Moim marzeniem jest:

Gitara elektroakustyczna

Dawid, 12 lat

Kategoria: dostać

Oddział: Rzeszów

Status marzenia: spełnione

Marzenie zostało spełnione dzięki pomocy

pierwsze spotkanie

2011-03-26

 

Wolontariusze Maciek i Gloria byli u chłopca o imieniu Dawid. Mieszka on w Łańcucie.

Było to nasze pierwsze spotkanie, które przebiegło w bardzo miłej i sympatycznej atmosferze.

By  przełamać lody chłopiec dostał od nas dwie gry planszowe (statki i żużel), w które potem wspólnie zagraliśmy.  

Dawid okazał się bardzo radosnym, miłym i inteligentnym chłopcem, łatwo nawiązującym kontakt z innymi.

Zdradził nam, że interesuje się historią, w wolnych chwilach lubi grać w gry komputerowe.

Czas spędzony z Dawidem wypełniony był jego uśmiechem.

Marzyciel dokładnie wiedział po co przyjechaliśmy. Gdy tylko zapytaliśmy jakie jest jego marzenie od razu nam je wyjawił. Dawid marzy o gitarze elektroakustycznej wraz z wzmacniaczem i niezbędnym mikrofonem.

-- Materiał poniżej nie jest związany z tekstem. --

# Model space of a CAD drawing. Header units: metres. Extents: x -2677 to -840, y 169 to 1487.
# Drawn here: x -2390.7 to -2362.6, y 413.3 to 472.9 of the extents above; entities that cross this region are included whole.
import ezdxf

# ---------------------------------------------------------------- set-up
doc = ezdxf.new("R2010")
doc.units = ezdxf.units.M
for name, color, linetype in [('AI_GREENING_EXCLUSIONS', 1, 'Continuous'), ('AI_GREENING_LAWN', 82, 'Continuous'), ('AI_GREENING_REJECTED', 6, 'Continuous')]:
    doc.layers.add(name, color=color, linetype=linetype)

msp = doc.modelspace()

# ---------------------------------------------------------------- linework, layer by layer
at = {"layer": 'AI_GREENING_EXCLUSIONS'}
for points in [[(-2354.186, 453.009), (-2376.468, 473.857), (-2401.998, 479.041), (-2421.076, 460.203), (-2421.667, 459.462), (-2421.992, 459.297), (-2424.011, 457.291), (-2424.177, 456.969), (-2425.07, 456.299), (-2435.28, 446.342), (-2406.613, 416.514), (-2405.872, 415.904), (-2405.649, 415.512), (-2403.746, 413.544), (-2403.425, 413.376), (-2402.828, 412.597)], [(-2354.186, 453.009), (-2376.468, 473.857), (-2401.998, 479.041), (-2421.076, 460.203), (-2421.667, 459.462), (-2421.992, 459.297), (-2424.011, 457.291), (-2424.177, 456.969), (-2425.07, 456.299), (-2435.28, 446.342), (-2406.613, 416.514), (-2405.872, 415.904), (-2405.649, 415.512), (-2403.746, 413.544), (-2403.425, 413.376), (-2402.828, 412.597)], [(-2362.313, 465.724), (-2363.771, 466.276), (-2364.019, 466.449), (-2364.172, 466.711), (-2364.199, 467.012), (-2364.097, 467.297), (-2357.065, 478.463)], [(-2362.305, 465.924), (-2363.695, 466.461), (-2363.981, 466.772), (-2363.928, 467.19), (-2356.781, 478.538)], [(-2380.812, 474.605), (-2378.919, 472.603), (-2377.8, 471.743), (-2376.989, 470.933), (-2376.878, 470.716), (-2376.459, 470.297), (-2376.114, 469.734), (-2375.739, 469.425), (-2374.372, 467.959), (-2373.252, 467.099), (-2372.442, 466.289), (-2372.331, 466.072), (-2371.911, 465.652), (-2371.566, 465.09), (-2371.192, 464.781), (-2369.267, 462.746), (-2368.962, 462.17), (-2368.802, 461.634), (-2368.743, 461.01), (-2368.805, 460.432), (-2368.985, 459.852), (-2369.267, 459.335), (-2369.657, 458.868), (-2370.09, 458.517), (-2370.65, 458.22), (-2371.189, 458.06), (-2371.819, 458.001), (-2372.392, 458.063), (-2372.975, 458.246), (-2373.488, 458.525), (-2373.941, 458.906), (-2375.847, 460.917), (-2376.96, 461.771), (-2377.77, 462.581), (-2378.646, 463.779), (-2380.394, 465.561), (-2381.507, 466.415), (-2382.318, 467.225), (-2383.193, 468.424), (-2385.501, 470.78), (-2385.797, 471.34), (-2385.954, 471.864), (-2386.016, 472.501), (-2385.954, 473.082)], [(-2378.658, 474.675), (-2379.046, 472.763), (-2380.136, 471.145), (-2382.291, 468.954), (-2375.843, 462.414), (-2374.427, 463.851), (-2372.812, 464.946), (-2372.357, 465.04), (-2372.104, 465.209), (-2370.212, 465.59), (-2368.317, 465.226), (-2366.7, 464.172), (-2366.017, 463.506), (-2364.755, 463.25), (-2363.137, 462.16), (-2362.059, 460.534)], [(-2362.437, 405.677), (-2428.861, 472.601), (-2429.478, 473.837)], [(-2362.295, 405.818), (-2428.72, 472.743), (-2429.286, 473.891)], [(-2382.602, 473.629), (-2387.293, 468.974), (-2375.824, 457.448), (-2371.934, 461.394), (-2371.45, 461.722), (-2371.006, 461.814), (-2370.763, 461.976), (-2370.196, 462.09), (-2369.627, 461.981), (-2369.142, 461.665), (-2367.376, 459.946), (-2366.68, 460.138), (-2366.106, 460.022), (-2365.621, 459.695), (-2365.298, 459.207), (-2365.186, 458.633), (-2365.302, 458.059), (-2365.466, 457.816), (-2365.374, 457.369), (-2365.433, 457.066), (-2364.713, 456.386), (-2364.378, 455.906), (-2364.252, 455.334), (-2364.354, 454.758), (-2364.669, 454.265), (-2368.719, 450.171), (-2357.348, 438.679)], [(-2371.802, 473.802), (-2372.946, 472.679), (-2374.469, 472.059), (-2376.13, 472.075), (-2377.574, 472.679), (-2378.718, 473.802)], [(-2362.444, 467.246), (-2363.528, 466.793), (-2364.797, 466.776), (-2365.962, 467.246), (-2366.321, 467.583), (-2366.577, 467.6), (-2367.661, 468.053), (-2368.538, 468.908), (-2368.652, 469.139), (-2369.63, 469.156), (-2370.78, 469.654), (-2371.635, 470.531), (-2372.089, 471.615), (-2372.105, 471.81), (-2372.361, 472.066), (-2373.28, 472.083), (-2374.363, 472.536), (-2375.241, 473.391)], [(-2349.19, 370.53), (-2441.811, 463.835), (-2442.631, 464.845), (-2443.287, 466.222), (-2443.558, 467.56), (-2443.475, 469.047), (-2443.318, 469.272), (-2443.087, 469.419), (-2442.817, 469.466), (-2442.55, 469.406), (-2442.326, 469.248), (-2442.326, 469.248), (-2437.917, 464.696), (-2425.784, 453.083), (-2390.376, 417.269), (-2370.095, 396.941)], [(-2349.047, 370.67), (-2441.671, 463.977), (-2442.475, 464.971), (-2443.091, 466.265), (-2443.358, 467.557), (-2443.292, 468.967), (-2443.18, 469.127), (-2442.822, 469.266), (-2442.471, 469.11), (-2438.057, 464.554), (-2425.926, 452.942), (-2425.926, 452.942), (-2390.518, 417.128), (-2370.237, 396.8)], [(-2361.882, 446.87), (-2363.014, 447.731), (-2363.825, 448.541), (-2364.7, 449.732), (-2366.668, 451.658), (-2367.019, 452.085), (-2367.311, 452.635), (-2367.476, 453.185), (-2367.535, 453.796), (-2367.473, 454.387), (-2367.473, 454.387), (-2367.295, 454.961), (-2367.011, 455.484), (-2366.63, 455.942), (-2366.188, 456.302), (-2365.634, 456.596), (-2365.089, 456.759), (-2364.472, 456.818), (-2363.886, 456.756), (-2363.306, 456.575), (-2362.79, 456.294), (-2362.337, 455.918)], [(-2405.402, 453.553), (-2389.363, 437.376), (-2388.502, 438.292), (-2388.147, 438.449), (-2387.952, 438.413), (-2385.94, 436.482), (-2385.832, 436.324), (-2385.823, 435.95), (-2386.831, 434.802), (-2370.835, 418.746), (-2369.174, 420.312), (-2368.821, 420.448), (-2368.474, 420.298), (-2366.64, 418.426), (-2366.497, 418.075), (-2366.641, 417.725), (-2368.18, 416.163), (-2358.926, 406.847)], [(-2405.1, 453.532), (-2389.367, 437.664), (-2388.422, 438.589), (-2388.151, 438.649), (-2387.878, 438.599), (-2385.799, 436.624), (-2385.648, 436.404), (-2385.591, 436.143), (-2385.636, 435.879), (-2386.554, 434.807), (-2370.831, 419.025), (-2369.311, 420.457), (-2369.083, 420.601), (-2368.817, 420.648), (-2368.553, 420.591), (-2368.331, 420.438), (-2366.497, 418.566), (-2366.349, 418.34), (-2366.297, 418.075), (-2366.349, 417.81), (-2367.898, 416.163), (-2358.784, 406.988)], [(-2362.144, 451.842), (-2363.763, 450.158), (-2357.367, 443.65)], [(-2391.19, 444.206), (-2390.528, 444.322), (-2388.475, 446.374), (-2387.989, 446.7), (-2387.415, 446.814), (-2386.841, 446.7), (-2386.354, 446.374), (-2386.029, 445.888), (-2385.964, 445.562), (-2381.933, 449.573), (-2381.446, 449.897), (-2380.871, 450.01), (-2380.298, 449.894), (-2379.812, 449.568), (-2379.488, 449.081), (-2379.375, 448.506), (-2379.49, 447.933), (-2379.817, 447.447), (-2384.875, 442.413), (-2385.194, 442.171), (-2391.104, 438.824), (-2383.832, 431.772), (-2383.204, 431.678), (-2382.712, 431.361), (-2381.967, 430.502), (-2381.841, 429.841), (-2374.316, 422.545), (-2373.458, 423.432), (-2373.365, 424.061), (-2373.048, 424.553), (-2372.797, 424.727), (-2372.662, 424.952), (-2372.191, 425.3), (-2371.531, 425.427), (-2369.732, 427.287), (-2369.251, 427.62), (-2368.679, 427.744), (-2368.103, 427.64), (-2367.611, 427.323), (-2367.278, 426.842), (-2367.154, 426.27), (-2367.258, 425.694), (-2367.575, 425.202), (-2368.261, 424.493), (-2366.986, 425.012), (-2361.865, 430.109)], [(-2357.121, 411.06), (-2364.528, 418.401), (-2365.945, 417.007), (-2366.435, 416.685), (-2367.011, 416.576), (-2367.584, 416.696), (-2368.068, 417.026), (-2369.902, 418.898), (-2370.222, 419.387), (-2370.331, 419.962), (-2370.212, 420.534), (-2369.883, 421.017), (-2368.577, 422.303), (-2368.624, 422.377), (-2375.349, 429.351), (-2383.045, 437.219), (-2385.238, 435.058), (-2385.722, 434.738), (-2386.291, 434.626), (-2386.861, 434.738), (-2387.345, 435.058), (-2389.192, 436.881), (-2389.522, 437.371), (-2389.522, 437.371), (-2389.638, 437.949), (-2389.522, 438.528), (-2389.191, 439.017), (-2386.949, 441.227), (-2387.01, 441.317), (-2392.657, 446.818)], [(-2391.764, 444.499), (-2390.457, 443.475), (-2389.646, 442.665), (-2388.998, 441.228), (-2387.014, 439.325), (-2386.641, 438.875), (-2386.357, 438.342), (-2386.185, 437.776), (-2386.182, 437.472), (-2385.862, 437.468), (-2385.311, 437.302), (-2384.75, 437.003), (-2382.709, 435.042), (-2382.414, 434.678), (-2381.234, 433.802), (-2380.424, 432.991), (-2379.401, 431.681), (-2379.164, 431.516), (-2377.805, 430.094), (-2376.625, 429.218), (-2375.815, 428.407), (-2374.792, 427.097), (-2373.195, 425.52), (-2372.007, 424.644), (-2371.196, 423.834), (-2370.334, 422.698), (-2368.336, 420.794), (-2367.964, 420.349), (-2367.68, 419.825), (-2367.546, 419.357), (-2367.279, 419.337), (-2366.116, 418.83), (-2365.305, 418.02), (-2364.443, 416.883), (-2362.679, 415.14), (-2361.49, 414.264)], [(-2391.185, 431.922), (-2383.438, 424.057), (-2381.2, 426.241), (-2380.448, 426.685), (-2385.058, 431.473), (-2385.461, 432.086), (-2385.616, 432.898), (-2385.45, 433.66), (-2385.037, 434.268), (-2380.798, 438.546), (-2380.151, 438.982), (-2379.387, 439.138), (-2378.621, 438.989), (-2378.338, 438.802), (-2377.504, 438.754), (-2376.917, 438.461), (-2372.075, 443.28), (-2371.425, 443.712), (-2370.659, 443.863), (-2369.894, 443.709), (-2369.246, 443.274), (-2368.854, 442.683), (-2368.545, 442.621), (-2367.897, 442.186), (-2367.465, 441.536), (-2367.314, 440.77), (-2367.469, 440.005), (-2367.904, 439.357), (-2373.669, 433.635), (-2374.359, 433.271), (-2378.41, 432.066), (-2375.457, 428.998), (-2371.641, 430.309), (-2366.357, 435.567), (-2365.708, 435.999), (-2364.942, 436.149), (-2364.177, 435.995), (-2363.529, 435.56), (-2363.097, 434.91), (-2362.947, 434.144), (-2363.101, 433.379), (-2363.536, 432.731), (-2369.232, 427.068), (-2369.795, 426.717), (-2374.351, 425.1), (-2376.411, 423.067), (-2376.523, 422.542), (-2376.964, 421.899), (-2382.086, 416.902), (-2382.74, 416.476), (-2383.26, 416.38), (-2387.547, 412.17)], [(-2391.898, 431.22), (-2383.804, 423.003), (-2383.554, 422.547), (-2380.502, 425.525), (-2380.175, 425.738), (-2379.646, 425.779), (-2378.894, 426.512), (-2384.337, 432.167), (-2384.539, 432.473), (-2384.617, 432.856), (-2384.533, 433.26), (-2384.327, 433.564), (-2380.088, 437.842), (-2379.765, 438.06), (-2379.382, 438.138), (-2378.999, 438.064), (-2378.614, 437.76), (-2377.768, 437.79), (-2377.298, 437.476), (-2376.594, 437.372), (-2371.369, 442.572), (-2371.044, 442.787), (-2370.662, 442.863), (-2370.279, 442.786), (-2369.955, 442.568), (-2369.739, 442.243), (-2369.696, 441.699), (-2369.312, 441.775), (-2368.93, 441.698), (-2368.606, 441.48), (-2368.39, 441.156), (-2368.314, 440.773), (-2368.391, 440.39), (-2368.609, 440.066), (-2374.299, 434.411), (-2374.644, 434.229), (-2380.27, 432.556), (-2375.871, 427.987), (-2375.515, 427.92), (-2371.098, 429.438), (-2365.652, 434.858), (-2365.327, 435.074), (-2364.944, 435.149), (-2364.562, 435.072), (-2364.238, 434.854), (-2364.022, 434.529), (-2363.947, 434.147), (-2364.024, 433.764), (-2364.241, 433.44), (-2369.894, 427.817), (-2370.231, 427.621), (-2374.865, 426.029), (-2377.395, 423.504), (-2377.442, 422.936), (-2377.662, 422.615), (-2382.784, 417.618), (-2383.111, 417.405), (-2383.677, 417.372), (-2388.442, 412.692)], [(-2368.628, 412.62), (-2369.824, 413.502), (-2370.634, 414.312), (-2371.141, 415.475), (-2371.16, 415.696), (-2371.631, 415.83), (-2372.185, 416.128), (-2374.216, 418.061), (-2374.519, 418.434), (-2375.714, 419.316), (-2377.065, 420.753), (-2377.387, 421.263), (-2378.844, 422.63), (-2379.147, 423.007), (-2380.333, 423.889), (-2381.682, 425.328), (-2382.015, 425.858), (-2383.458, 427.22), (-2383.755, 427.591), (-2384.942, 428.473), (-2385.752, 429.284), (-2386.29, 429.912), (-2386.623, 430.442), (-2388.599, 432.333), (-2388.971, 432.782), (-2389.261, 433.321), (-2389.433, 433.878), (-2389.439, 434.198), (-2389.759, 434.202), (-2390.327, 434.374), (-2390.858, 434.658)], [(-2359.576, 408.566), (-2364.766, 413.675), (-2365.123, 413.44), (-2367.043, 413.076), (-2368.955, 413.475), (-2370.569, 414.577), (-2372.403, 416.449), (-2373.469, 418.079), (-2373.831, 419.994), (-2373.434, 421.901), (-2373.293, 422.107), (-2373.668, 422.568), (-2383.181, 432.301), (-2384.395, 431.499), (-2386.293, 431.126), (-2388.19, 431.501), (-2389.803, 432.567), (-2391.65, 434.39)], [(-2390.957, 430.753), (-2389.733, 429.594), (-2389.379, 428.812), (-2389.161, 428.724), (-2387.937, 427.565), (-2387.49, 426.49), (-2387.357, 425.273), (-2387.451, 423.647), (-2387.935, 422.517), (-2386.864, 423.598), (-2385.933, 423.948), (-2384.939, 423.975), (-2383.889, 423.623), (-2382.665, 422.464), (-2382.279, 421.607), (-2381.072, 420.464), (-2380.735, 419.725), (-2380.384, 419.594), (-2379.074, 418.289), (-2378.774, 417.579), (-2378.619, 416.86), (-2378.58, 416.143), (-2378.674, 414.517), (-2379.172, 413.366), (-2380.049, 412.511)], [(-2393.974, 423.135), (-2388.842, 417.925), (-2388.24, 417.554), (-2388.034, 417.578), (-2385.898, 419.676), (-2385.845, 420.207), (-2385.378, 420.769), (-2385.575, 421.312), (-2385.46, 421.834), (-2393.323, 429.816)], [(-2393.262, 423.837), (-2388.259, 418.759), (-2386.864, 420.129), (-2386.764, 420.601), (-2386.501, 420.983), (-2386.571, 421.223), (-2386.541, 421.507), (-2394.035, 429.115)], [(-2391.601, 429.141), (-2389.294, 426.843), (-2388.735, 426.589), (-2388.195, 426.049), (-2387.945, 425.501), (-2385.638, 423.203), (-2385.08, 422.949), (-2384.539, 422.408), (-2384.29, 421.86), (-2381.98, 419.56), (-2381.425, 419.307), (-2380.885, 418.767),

Pragnie zostać muzykiem, założyć zespół i występować między innymi w swojej szkole. Dowiedzieliśmy się też, że chłopiec marzy o tym już półtora roku. Mamy nadzieję na szybkie spełnienie największego marzenia Dawida.

 

Relacja: Gloria

Fotografie: Maciek

 

spełnienie marzenia

2011-08-31

 

Nie przestawaj marzyć. Ale też nie przestawaj się starać, aby to Twoje największe marzenie się spełniło. Bardzo wiele kłód rzucą Ci pod nogi, zanim je spełnisz. My też nie mogliśmy przez dwa miesiące spotkać się z Dawidem, żeby spełnić jego największe marzenie. Gitara. Mikrofon. Gdy w ostatni dzień sierpnia wziął ją do ręki, choć nie umiał na niej grać, to jednak grał. Po swojemu. Do rytmu. Widać, że ma talent. Później widziałem, że z niezbyt dużą ochotą oddawał ją mnie, żebym mu akompaniował, gdy będzie śpiewał. Ale śpiewaliśmy, grali, razem z Glorią i z tatą Dawida. Odważył się marzyć i dostał narzędzie, by pójść dalej. Chce założyć zespół z kolegami. Takie chłopięce marzenie. Ja też takie miałem. Ale jeśli popracuje i będzie się starał, może spełnić to, o czym nam nie powiedział. O czy może sam jeszcze nie wie, bo gdzie tak daleko można marzeniami sięgać? Można. Dawidzie, graj, walcz o swoje największe marzenia, nie zapominaj o tych małych, a może kiedyś będę fotografował Cię na Twoim koncercie. Nie ważne czy na Wembley, czy w małym klubie. Ważne, by Twoje serce czuło się wtedy spełnione.